Apart from the jihadist leaders,Bøås sees only losers in the conflict: “Mali is losing… France is losing. How can France whose world power status very much relies on its position in West Africa afford to lose Mali, and possibly Burkina Faso?”
A large bone of contention between France, other Western powers and Ecowas, on the one side, and the government of Mali on the other has been the presence of the Wagner Group in the country.
A private military company already operating in Sudan, the Central African Republic, Madagascar, Libya and Mozambique, Wagner’s ownership is shrouded in mystery, but it is reputed to be owned by Yevgeny Prigozhin, a businessman close to Russian President Vladimir Putin.

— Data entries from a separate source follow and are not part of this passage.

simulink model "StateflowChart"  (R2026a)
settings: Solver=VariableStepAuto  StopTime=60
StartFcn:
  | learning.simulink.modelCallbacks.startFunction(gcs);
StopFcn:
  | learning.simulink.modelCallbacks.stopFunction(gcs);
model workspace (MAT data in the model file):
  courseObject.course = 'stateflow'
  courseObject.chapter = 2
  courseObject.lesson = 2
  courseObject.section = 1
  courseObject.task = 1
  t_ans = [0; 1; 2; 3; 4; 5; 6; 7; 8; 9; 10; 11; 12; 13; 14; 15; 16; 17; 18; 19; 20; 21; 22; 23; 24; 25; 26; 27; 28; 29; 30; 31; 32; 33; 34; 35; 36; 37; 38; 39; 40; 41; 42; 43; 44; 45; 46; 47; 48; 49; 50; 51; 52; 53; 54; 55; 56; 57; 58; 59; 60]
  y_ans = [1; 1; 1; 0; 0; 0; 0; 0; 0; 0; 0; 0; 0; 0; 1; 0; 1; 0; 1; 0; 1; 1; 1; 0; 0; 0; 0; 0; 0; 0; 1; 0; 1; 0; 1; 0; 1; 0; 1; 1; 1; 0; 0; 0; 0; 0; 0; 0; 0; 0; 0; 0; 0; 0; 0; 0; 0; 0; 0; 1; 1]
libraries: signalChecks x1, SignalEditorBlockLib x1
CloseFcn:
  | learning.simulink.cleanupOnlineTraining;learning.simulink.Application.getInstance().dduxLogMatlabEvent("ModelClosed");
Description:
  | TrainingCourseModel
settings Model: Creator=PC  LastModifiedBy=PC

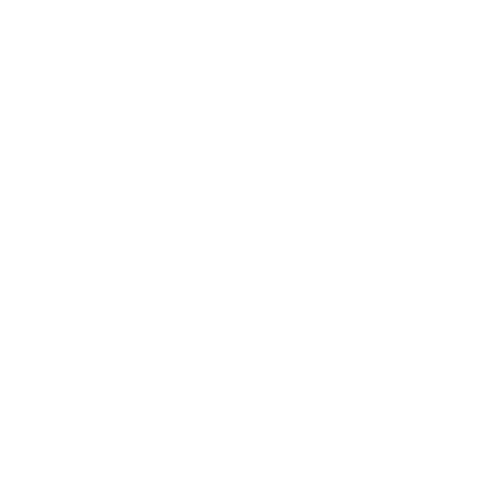
[thumbnail: Simulink's stored preview of the top-level diagram]
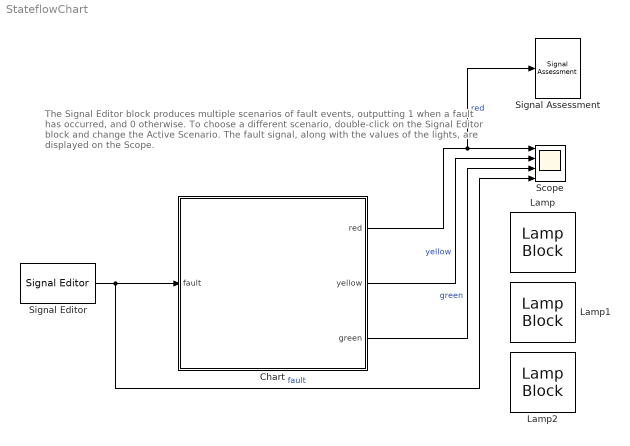
== system StateflowChart ==
  note: The Signal Editor block produces multiple scenarios of fault events, outputting 1 when a fault has occurred, and 0 otherwise.
      |
      | To choose a different scenario, double-click on the Signal Editor block and change the Active Scenario.
      |
      | The fault signal, along with the values of the lights, are displayed on the Scope.
  Chart : Stateflow chart  TreatAsAtomicUnit=on
  Lamp : LampBlock  LabelPosition=Hide  DefaultColor=[192.0, 192.0, 192.0]
  Lamp1 : LampBlock  LabelPosition=Hide  DefaultColor=[192.0, 192.0, 192.0]
  Lamp2 : LampBlock  LabelPosition=Hide  DefaultColor=[192.0, 192.0, 192.0]
  Scope : Scope  NumInputPorts=4
      settings: ActiveDisplayYMinimum=-0.125  ActiveDisplayYMaximum=1.125
  Signal Assessment : signalChecks/Signal Assessment  signal_type='signal'  t_ans=t_ans  y_ans_upper=y_ans  y_ans_lower=0  range=0.005  rate_type=1  lesson=0  task=4  pass=1
  Signal Editor : SignalEditorBlockLib/Signal Editor  FileName=trafficLightFault.mat  ActiveScenario=Faults  ActiveSignal=fault  IsBus=off  OutputBusObjectStr=Bus: BusObject  SampleTime=1  Interpolate=off  ZeroCross=off  OutputAfterFinalValue=Setting to zero  Unit=inherit  PreserveSignalName=on  ApplySigPropsToAllScenarios=on  ApplySigPropsToAllSignals=off  SignalPropertySource=Dialog parameters
  wires:
  Chart/3(green) -> Scope/3  "green"
  Signal Editor/1 -> Chart/1(fault), Scope/4  "fault"
  Chart/1(red) -> Signal Assessment/1, Scope/1  "red"
  Chart/2(yellow) -> Scope/2  "yellow"

== stateflow chart StateflowChart/Chart ==
  note: In this chart, entering a state sets the individual lamps (red, yellow, and green) to either on ( 1 ) or off ( 0 ).
      |
      | There are two operating modes.
      | Normal: The traffic light rotates between red, yellow, and green based on a timer.
      | Fault: The traffic light turns the red lamp off and on based on a timer.
  state Normal
    state Stop
      % Red light
      entry:
      red = 1;
      yellow = 0;
      green = 0;
    state PrepareToStop
      % Yellow light
      entry:
      red = 0;
      yellow = 1;
      green = 0;
    state Go
      % Green light
      entry:
      red = 0;
      yellow = 0;
      green = 1;
    (default) -> Stop
    Stop -> (junction 26)
    (junction 26) -> (junction 29) : after(3,sec)
    PrepareToStop -> Stop : after(3,sec)
    Go -> PrepareToStop : after(15,sec)
    (junction 29) -> Go
  state Fault
    entry:
    yellow = 0;
    green = 0;
    state BlinkOn
      % Red light
      entry:
      red = 1;
    state BlinkOff
      % No light
      entry:
      red = 0;
    (default) -> BlinkOn
    BlinkOff -> BlinkOn : after(1,sec)
    BlinkOn -> BlinkOff : after(1,sec)
  (default) -> Normal
  Normal -> Fault : [fault == 1]
  Fault -> Normal : [fault == 0]
  data: red output =1; yellow output; fault input; green output =0

It is believed by some to be a front organisation for Russia’s Ministry of Defence, and therefore constitutes a security concern for Western powers at a time of growing tension with Russia.
Despite the transitional government’s denial of Russian involvement in the country, Ecowas leaders expressed concern at the “deployment of private security agents in Mali with its potentially destabilizing impact on the West Africa region”, in their 9 January sanctions declaration.
But the Malian junta’s plan appears to be to use the Russian group to restore security in the country rather than the French, and reports in the French-language pan-African magazine Jeune Afrique indicate that hundreds of Wagner Group mercenaries have already arrived in the country, some of them brought in by Russian military transport planes.
“The Sahel crisis has become a part of what we may call a Cold War,” saysBøås. “Parts of Africa could be in for a rocky ride.”
How are sanctions affecting Mali?
“There have already been reported increases in the prices of basic commodities in Mali as well as restrictions to sending funds outside the country,” BBC Monitoring’s Beverly Ochieng tells African Business.
“About 70% of food is imported and a food crisis has been worsened by the insurgency. Transnational movement for work and trade supports that majority of rural, border populations so many risk losing sources of income if border closures are enforced.”
Bøås says that traders are in a precarious situation as many have money locked up in goods that are standing still in Abidjan due to sanctions.
“Many of these traders could go out of business, as their business is based on selling their goods, taking a small profit and investing what’s left in the next shipment. This is causing economic stress in Mali, but also among traders in Côte d’Ivoire, as they also depend on this border economy being in circulation,” he says.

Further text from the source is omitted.